═══ INFORMATION PROVIDED

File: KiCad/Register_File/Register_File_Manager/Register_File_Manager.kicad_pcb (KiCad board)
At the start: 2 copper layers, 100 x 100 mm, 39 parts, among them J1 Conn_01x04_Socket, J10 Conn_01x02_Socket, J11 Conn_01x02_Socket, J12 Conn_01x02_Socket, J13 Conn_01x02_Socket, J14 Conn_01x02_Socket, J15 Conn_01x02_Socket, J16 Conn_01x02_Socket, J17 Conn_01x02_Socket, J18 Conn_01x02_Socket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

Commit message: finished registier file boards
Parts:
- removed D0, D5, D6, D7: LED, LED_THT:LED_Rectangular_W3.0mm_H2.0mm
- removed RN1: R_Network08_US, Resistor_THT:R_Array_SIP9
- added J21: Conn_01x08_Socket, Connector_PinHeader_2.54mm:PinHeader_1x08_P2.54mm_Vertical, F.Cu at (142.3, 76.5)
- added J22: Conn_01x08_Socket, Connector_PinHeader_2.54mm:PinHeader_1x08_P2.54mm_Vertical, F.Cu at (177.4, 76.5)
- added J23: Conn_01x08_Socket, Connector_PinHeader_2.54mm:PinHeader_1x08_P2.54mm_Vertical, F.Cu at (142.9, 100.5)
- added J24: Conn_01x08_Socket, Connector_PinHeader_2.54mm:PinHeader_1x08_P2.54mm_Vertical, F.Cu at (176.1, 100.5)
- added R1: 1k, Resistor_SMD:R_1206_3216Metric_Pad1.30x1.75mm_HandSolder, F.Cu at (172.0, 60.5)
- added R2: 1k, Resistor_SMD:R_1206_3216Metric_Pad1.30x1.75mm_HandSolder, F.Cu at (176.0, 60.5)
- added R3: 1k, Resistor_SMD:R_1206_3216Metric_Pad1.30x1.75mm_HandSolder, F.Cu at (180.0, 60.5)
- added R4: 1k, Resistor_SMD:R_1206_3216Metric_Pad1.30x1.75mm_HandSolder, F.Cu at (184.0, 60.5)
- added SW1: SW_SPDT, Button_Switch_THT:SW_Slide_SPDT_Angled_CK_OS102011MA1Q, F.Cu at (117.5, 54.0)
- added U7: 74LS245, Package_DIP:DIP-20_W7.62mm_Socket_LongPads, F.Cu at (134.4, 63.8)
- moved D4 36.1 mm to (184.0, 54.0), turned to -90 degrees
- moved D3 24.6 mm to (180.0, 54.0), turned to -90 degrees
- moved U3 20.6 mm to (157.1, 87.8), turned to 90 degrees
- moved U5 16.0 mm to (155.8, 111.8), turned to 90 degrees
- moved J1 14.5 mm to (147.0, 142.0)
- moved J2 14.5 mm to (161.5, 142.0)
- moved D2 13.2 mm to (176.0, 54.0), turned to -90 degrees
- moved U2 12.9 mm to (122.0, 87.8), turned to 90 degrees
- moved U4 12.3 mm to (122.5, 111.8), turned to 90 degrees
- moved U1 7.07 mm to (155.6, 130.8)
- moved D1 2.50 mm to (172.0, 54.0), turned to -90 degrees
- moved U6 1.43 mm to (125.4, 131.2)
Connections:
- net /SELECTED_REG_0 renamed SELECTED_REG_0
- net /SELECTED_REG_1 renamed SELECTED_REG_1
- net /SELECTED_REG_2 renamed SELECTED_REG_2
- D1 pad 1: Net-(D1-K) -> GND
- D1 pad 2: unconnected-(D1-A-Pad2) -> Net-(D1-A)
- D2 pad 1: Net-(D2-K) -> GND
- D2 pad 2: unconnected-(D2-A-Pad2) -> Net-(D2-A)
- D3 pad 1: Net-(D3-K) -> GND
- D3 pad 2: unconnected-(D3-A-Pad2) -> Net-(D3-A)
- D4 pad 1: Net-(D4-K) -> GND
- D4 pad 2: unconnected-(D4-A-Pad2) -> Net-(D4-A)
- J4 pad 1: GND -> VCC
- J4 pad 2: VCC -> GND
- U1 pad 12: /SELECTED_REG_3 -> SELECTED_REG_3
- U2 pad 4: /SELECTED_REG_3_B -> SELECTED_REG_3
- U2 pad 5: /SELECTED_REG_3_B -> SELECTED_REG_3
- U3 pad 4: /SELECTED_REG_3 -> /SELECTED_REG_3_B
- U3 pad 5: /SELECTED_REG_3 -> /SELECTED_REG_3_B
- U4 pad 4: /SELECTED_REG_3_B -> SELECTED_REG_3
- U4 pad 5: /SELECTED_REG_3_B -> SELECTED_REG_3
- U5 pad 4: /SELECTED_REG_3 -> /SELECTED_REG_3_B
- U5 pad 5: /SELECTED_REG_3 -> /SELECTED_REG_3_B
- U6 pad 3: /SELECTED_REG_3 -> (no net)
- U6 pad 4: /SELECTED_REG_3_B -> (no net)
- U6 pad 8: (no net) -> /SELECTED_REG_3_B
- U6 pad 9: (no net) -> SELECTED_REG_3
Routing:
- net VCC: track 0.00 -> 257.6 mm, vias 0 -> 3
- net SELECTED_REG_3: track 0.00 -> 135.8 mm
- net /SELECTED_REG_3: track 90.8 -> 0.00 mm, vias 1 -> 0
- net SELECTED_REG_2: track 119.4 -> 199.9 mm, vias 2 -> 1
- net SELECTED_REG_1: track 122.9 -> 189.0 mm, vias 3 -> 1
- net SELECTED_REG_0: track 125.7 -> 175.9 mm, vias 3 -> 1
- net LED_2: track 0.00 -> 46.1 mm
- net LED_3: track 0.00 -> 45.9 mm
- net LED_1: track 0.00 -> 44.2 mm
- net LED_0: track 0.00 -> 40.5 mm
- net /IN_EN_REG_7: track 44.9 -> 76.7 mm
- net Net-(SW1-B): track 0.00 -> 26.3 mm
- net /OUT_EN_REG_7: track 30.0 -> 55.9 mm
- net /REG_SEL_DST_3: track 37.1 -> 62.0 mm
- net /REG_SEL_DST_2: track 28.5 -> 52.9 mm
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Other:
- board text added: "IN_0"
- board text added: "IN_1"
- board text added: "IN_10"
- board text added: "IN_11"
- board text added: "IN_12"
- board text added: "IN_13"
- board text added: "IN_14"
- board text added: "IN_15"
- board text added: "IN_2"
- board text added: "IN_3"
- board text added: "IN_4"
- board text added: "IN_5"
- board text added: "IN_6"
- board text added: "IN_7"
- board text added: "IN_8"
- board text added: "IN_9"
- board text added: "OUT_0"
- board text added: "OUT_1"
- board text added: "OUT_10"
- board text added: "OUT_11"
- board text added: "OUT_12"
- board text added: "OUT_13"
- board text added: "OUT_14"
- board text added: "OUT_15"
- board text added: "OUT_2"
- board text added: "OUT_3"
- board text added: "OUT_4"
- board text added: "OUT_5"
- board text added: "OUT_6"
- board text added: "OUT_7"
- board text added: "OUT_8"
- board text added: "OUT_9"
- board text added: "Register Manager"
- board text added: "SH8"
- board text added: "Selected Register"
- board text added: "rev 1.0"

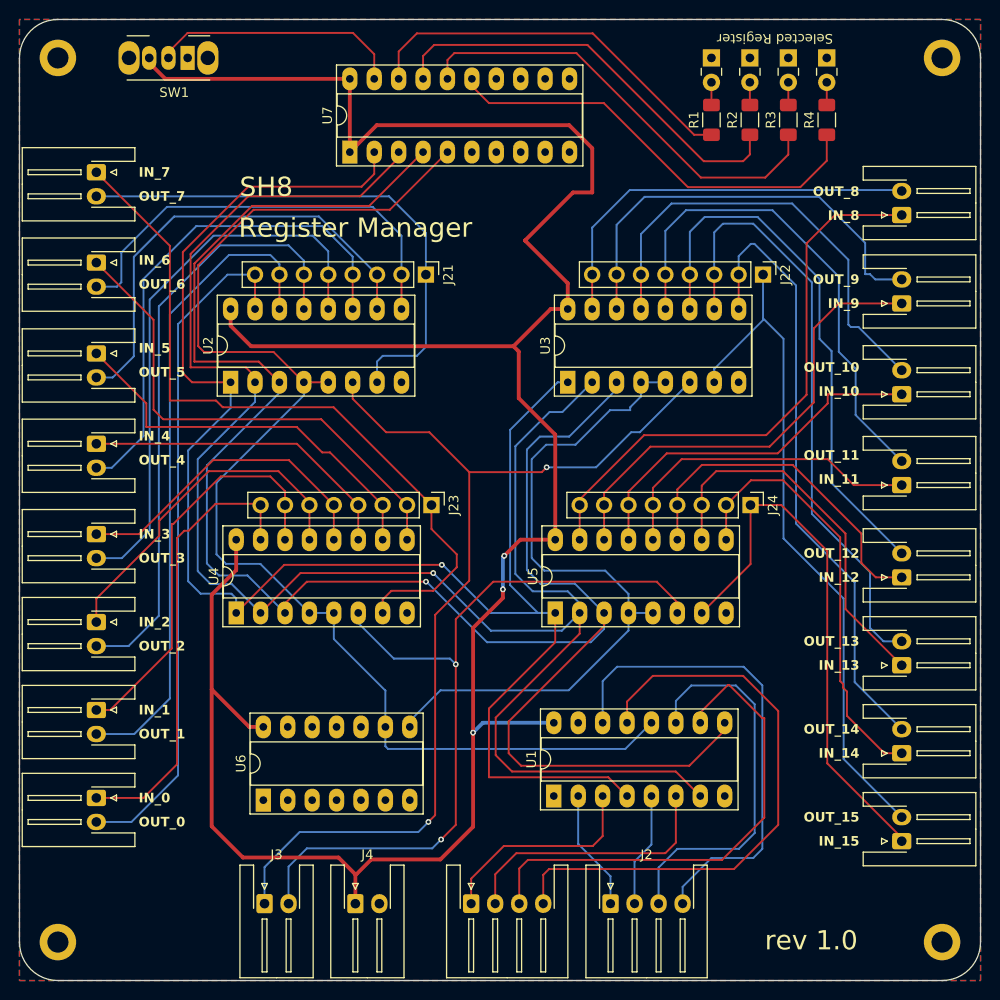
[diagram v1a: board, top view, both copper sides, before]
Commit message: added con_ctrl board mdr_mar
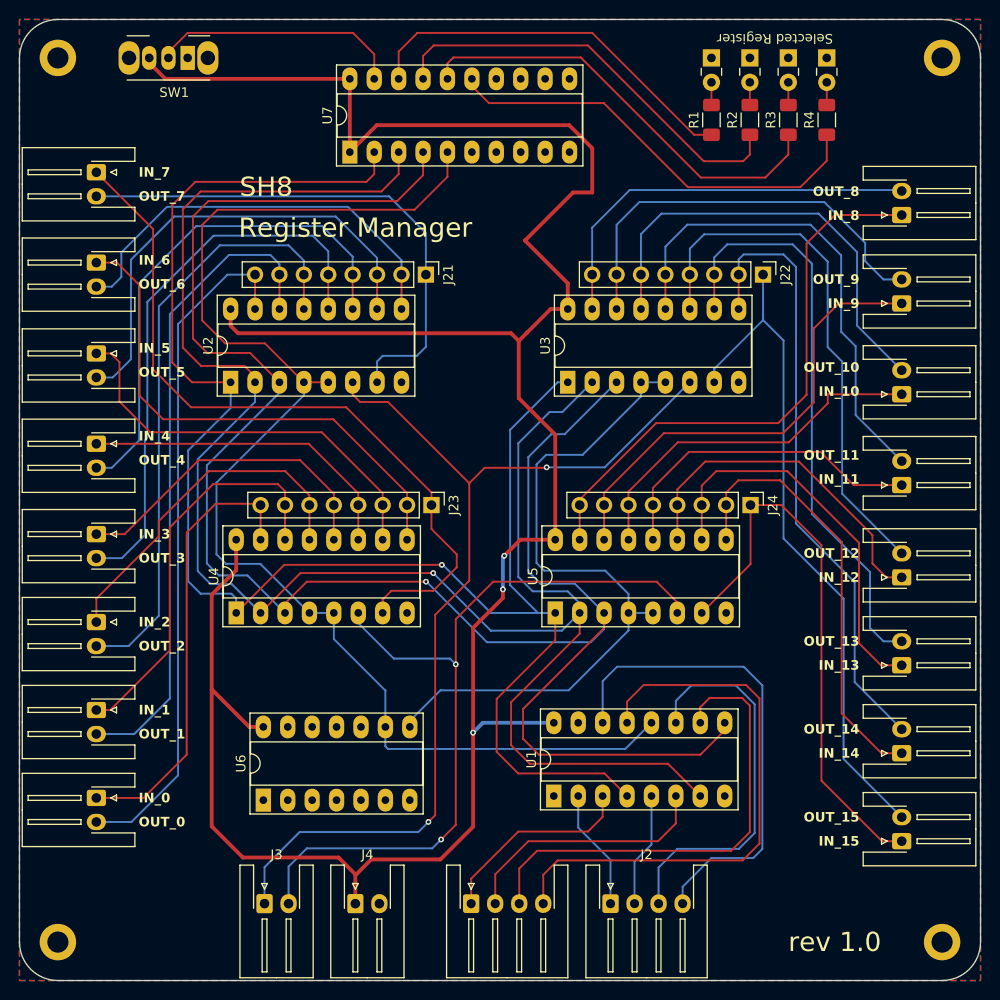
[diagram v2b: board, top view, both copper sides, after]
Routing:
- net /REG_SEL_DST_3: track 62.0 -> 59.2 mm
- net /OUT_EN_REG_13: track 63.4 -> 61.2 mm
- net /REG_SEL_DST_2: track 52.9 -> 50.7 mm
- net /IN_EN_REG_6: track 51.9 -> 53.8 mm
- net SELECTED_REG_2: track 199.9 -> 198.0 mm
- net /OUT_EN_REG_6: track 45.9 -> 44.1 mm
- net SELECTED_REG_0: track 175.9 -> 177.6 mm
- net /IN_EN_REG_5: track 41.4 -> 43.1 mm
- net SELECTED_REG_3: track 135.8 -> 137.3 mm
- net /IN_EN_REG_13: track 40.0 -> 41.5 mm
- net /OUT_EN_REG_9: track 45.1 -> 43.9 mm
- net /SELECTED_REG_3_B: track 73.8 -> 72.6 mm
- net /IN_EN_REG_15: track 56.7 -> 57.9 mm
- net /REG_SEL_DST_1: track 28.1 -> 26.9 mm
- net /REG_SEL_DST_0: track 22.3 -> 21.1 mm
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
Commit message: created standarts for PCB's
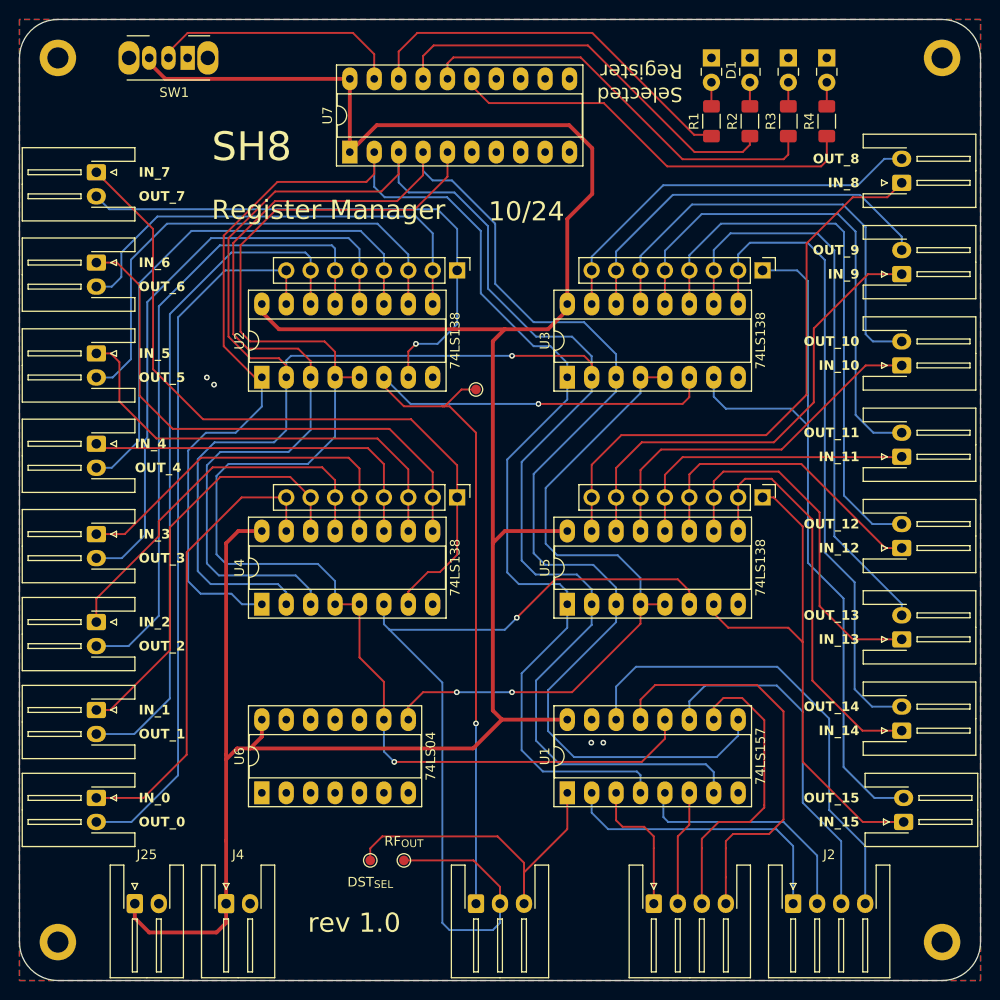
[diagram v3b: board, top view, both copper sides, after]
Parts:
- added J25: Conn_01x02_Socket, Connector_JST:JST_XH_S2B-XH-A-1_1x02_P2.50mm_Horizontal, F.Cu at (112.0, 142.0)
- added TP1: TestPoint, TestPoint:TestPoint_Pad_D1.0mm, F.Cu at (147.5, 88.5)
- added TP2: TestPoint, TestPoint:TestPoint_Pad_D1.0mm, F.Cu at (140.0, 137.5)
- added TP3: TestPoint, TestPoint:TestPoint_Pad_D1.0mm, F.Cu at (136.5, 137.5)
- J3: value Conn_01x02_Socket -> Conn_01x03_Socket; footprint Connector_JST:JST_XH_S2B-XH-A-1_1x02_P2.50mm_Horizontal -> Connector_JST:JST_XH_S3B-XH-A-1_1x03_P2.50mm_Horizontal
- moved J3 22.0 mm to (147.5, 142.0)
- moved J1 19.0 mm to (166.0, 142.0)
- moved J2 19.0 mm to (180.5, 142.0)
- moved J4 13.4 mm to (121.5, 142.0)
- moved J13 3.35 mm to (191.8, 67.0)
- moved U2 3.29 mm to (125.2, 87.2)
- moved J21 3.28 mm to (145.5, 76.1)
- moved J14 3.05 mm to (191.8, 76.5)
- moved J17 3.05 mm to (191.8, 105.0)
- moved J15 3.00 mm to (191.8, 86.0)
- moved J16 2.95 mm to (191.8, 95.5)
- moved U4 2.82 mm to (125.2, 110.8)
- moved J23 2.79 mm to (145.5, 99.7)
- moved J18 2.70 mm to (191.8, 114.5)
- moved J19 2.35 mm to (191.8, 124.0)
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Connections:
- net /RF_IN renamed RF_IN
- net /RF_OUT renamed RF_OUT
- U6 pad 1: (no net) -> GND
- U6 pad 10: (no net) -> unconnected-(U6-Pad10)
- U6 pad 11: (no net) -> GND
- U6 pad 12: (no net) -> unconnected-(U6-Pad12)
- U6 pad 13: (no net) -> GND
- U6 pad 2: (no net) -> unconnected-(U6-Pad2)
- U6 pad 3: (no net) -> GND
- U6 pad 4: (no net) -> unconnected-(U6-Pad4)
- U6 pad 5: (no net) -> GND
- U6 pad 6: (no net) -> unconnected-(U6-Pad6)
- U7 pad 11: LED_7 -> unconnected-(U7-B7-Pad11)
- U7 pad 12: LED_6 -> unconnected-(U7-B6-Pad12)
- U7 pad 13: LED_5 -> unconnected-(U7-B5-Pad13)
- U7 pad 14: LED_4 -> unconnected-(U7-B4-Pad14)
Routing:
- net DST_SEL: track 0.00 -> 35.1 mm
- net SELECTED_REG_1: track 190.0 -> 223.4 mm
- net /REG_SEL_DST_2: track 50.7 -> 31.6 mm
- net /REG_SEL_SRC_0: track 12.6 -> 30.5 mm
- net /REG_SEL_DST_3: track 59.2 -> 43.4 mm
- net /REG_SEL_DST_1: track 26.9 -> 12.0 mm
- net /REG_SEL_SRC_1: track 11.9 -> 25.3 mm
- net SELECTED_REG_3: track 137.3 -> 147.8 mm, vias 0 -> 1
- net RF_OUT: track 84.2 -> 92.5 mm, vias 2 -> 1
- net /REG_SEL_DST_0: track 21.1 -> 14.5 mm
- net /OUT_EN_REG_15: track 71.8 -> 77.9 mm
- net SELECTED_REG_0: track 177.6 -> 172.6 mm, vias 1 -> 0
- net /IN_EN_REG_12: track 36.5 -> 32.1 mm
- net /OUT_EN_REG_0: track 71.2 -> 74.9 mm
- net /IN_EN_REG_4: track 34.2 -> 37.8 mm
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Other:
- board text added: "10/24"

══════

EXERCISE BRIEF:
Count the lines in the records above that contain "diagram". Reply with the number only.

RESPONSE TO THE EXERCISE:
3